Neuseeland ist keine Bananenrepublik, sondern ein moderner Rechtsstaat, der sich am britischen Vorbild orientiert. Dementsprechend kann man hier eine Banklizenz nicht einfach kaufen! Um von der neuseeländischen Reservebank (die hiesige Notenbank) eine Banklizenz zu erhalten, müssen strenge Anforderungen unter anderem an die Kapitalreserven erfüllt werden. Ein mittelständisches Unternehmen, das Finanzdienstleistungen anbieten will, wird diese Anforderungen nicht erfüllen können. ALLERDINGS braucht man in Neuseeland keine Banklizenz, um Leistungen anzubieten, die typischerweise von Banken abgedeckt werden!

Ein neuseeländisches Finanzdienstunternehmen kann Finanzdienstleistungen außerhalb Neuseelands anbieten, ohne in Neuseeland Bank- bzw. Finanzdienstspezifische Formalitäten einhalten zu müssen. Von neuseeländischer Seite ist es vollkommen rechtens, in Deutschland, Europa oder anderswo für Finanzdienstleistungen zu werben, Anlagegelder entgegenzunehmen und zu verwalten, Kredite auszugeben, Konten für ausländische Kunden zu führen, Kreditkarten auszugeben und was sonst noch alles unter typische Bankleistungen fällt.

Diese Rechtssituation haben manche Beraterfirmen dazu ausgenutzt, exorbitante Honorare für die Gründung von sog. ?Offshore Finance Companies (OFC)? oder gar ?Offshore Banks? zu berechnen. Die OFC soll dann angeblich auch eine offizielle Genehmigung für die Abwicklung von Finanzdienstleistungen besitzen. Das ist jedoch alles ?Schmuh?, denn hinter den OFCs verbirgt sich in der Regel eine ganz simple Limited Liability Company (LTD).
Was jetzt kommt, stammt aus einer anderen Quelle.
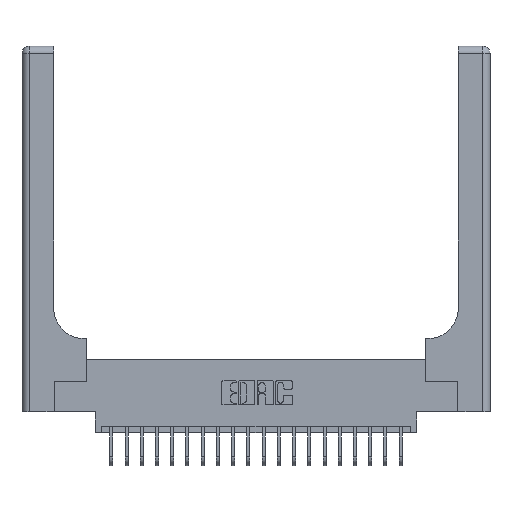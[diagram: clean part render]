
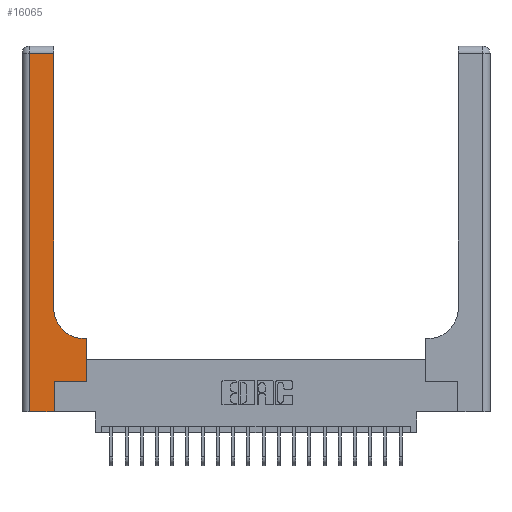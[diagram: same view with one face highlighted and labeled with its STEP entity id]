
A CAD part, top view. The second image highlights one B-rep face of the part: STEP entity #16065.
In plain terms, the highlighted planar face has unit normal (0, 0, 1).
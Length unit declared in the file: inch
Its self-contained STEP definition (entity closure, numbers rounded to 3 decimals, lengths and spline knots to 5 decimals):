
#262 = ORIENTED_EDGE ( 'NONE', *, *, #10968, .T. ) ;
#756 = ORIENTED_EDGE ( 'NONE', *, *, #4540, .T. ) ;
#783 = CARTESIAN_POINT ( 'NONE',  ( 0.528, 0.25, 0.37 ) ) ;
#866 = EDGE_CURVE ( 'NONE', #3148, #17993, #5105, .T. ) ;
#1039 = CARTESIAN_POINT ( 'NONE',  ( 0.265, 0.25, 0.37 ) ) ;
#1550 = VERTEX_POINT ( 'NONE', #18192 ) ;
#2073 = CARTESIAN_POINT ( 'NONE',  ( 0.51, 0.85, 0.37 ) ) ;
#2515 = AXIS2_PLACEMENT_3D ( 'NONE', #2073, #13334, #3703 ) ;
#2525 = CARTESIAN_POINT ( 'NONE',  ( 0.26, 0.6, 0.37 ) ) ;
#2943 = DIRECTION ( 'NONE',  ( -1., 0., 0. ) ) ;
#3007 = AXIS2_PLACEMENT_3D ( 'NONE', #17325, #12579, #2943 ) ;
#3048 = ORIENTED_EDGE ( 'NONE', *, *, #19050, .T. ) ;
#3148 = VERTEX_POINT ( 'NONE', #5501 ) ;
#3211 = EDGE_CURVE ( 'NONE', #4717, #1550, #7536, .T. ) ;
#3476 = VECTOR ( 'NONE', #15523, 39.37008 ) ;
#3703 = DIRECTION ( 'NONE',  ( 1., 0., 0. ) ) ;
#4015 = CARTESIAN_POINT ( 'NONE',  ( 0., 2.94, 0.37 ) ) ;
#4189 = CARTESIAN_POINT ( 'NONE',  ( 0.26, 3., 0.37 ) ) ;
#4418 = CARTESIAN_POINT ( 'NONE',  ( 0.265, 0., 0.37 ) ) ;
#4540 = EDGE_CURVE ( 'NONE', #6452, #16819, #16976, .T. ) ;
#4542 = CARTESIAN_POINT ( 'NONE',  ( 0.26, 2.94, 0.37 ) ) ;
#4717 = VERTEX_POINT ( 'NONE', #4542 ) ;
#5105 = LINE ( 'NONE', #16107, #17397 ) ;
#5501 = CARTESIAN_POINT ( 'NONE',  ( 0.06, 0., 0.37 ) ) ;
#5580 = ORIENTED_EDGE ( 'NONE', *, *, #14114, .T. ) ;
#5660 = VERTEX_POINT ( 'NONE', #17968 ) ;
#5806 = DIRECTION ( 'NONE',  ( 0., 1., 0. ) ) ;
#5862 = LINE ( 'NONE', #2525, #10161 ) ;
#5898 = CARTESIAN_POINT ( 'NONE',  ( 0.265, 0.25, 0.37 ) ) ;
#6035 = DIRECTION ( 'NONE',  ( 0., 1., 0. ) ) ;
#6452 = VERTEX_POINT ( 'NONE', #7565 ) ;
#6500 = DIRECTION ( 'NONE',  ( 1., 0., 0. ) ) ;
#7536 = LINE ( 'NONE', #4015, #14569 ) ;
#7565 = CARTESIAN_POINT ( 'NONE',  ( 0.528, 0.25, 0.37 ) ) ;
#7762 = LINE ( 'NONE', #5898, #3476 ) ;
#7835 = CARTESIAN_POINT ( 'NONE',  ( 0.26, 0.85, 0.37 ) ) ;
#8107 = CARTESIAN_POINT ( 'NONE',  ( 0.06, 3., 0.37 ) ) ;
#8207 = EDGE_CURVE ( 'NONE', #5660, #9135, #14369, .T. ) ;
#8454 = EDGE_CURVE ( 'NONE', #9135, #4717, #13604, .T. ) ;
#8461 = VECTOR ( 'NONE', #19999, 39.37008 ) ;
#9135 = VERTEX_POINT ( 'NONE', #7835 ) ;
#9410 = VECTOR ( 'NONE', #14565, 39.37008 ) ;
#9501 = CARTESIAN_POINT ( 'NONE',  ( 0.265, 0., 0.37 ) ) ;
#9694 = CARTESIAN_POINT ( 'NONE',  ( 0.528, 0.6, 0.37 ) ) ;
#10161 = VECTOR ( 'NONE', #15399, 39.37008 ) ;
#10968 = EDGE_CURVE ( 'NONE', #17200, #6452, #7762, .T. ) ;
#10985 = PLANE ( 'NONE',  #3007 ) ;
#11021 = EDGE_CURVE ( 'NONE', #17993, #17200, #19517, .T. ) ;
#11047 = VECTOR ( 'NONE', #6035, 39.37008 ) ;
#11612 = ORIENTED_EDGE ( 'NONE', *, *, #866, .T. ) ;
#12579 = DIRECTION ( 'NONE',  ( 0., 0., -1. ) ) ;
#12823 = FACE_OUTER_BOUND ( 'NONE', #16762, .T. ) ;
#13334 = DIRECTION ( 'NONE',  ( 0., 0., -1. ) ) ;
#13604 = LINE ( 'NONE', #4189, #17332 ) ;
#13672 = LINE ( 'NONE', #8107, #9410 ) ;
#14114 = EDGE_CURVE ( 'NONE', #16819, #5660, #5862, .T. ) ;
#14369 = CIRCLE ( 'NONE', #2515, 0.25 ) ;
#14565 = DIRECTION ( 'NONE',  ( 0., -1., 0. ) ) ;
#14569 = VECTOR ( 'NONE', #20034, 39.37008 ) ;
#15380 = ORIENTED_EDGE ( 'NONE', *, *, #8454, .T. ) ;
#15399 = DIRECTION ( 'NONE',  ( -1., 0., 0. ) ) ;
#15523 = DIRECTION ( 'NONE',  ( 1., 0., 0. ) ) ;
#16065 = ADVANCED_FACE ( 'NONE', ( #12823 ), #10985, .F. ) ;
#16107 = CARTESIAN_POINT ( 'NONE',  ( 0., 0., 0.37 ) ) ;
#16373 = ORIENTED_EDGE ( 'NONE', *, *, #11021, .T. ) ;
#16762 = EDGE_LOOP ( 'NONE', ( #15380, #19595, #3048, #11612, #16373, #262, #756, #5580, #18374 ) ) ;
#16819 = VERTEX_POINT ( 'NONE', #9694 ) ;
#16976 = LINE ( 'NONE', #783, #8461 ) ;
#17200 = VERTEX_POINT ( 'NONE', #1039 ) ;
#17325 = CARTESIAN_POINT ( 'NONE',  ( 0., 3., 0.37 ) ) ;
#17332 = VECTOR ( 'NONE', #5806, 39.37008 ) ;
#17397 = VECTOR ( 'NONE', #6500, 39.37008 ) ;
#17968 = CARTESIAN_POINT ( 'NONE',  ( 0.51, 0.6, 0.37 ) ) ;
#17993 = VERTEX_POINT ( 'NONE', #9501 ) ;
#18192 = CARTESIAN_POINT ( 'NONE',  ( 0.06, 2.94, 0.37 ) ) ;
#18374 = ORIENTED_EDGE ( 'NONE', *, *, #8207, .T. ) ;
#19050 = EDGE_CURVE ( 'NONE', #1550, #3148, #13672, .T. ) ;
#19517 = LINE ( 'NONE', #4418, #11047 ) ;
#19595 = ORIENTED_EDGE ( 'NONE', *, *, #3211, .T. ) ;
#19999 = DIRECTION ( 'NONE',  ( 0., 1., 0. ) ) ;
#20034 = DIRECTION ( 'NONE',  ( -1., 0., 0. ) ) ;

Im Grunde ist die rechtliche Lage in Neuseeland schnell beschrieben:

In Neuseeland kann jede ganz normale Firma Finanzdienstleistungen anbieten, ohne eine Genehmigung dafür zu benötgen, solange die Finanzdienstleistungen nicht auf dem neuseeländischen Markt angeboten werden. Das ist die einzige Voraussetzung. Die Firma darf sich nicht Bank nennen und ist nach neuseeländischem Recht auch keine Bank

Es gibt zwei Firmierungen, die in Betracht kommen. Eine Limited Company(ähnlich einer GmbH) oder ein Limited Partnership (ähnlich einer GmbH & Co KG)

So simpel ist die rechtliche Lage in Neuseeland. Zu simpel, um dafür exorbitante Gebühren zu verlangen. Auf der Webseite der Reserve Bank wird sogar ausdrücklich vor solchen sog. New Zealand offshore finance companies gewarnt. Hier ist der Text:

Warning: "New Zealand offshore finance companies"

The Reserve Bank advises that caution should be exercised by anyone considering doing any form of business with entities that promote themselves as "New Zealand offshore finance companies", or use similar descriptions, and that offer financial services either on-line or from locations outside of New Zealand.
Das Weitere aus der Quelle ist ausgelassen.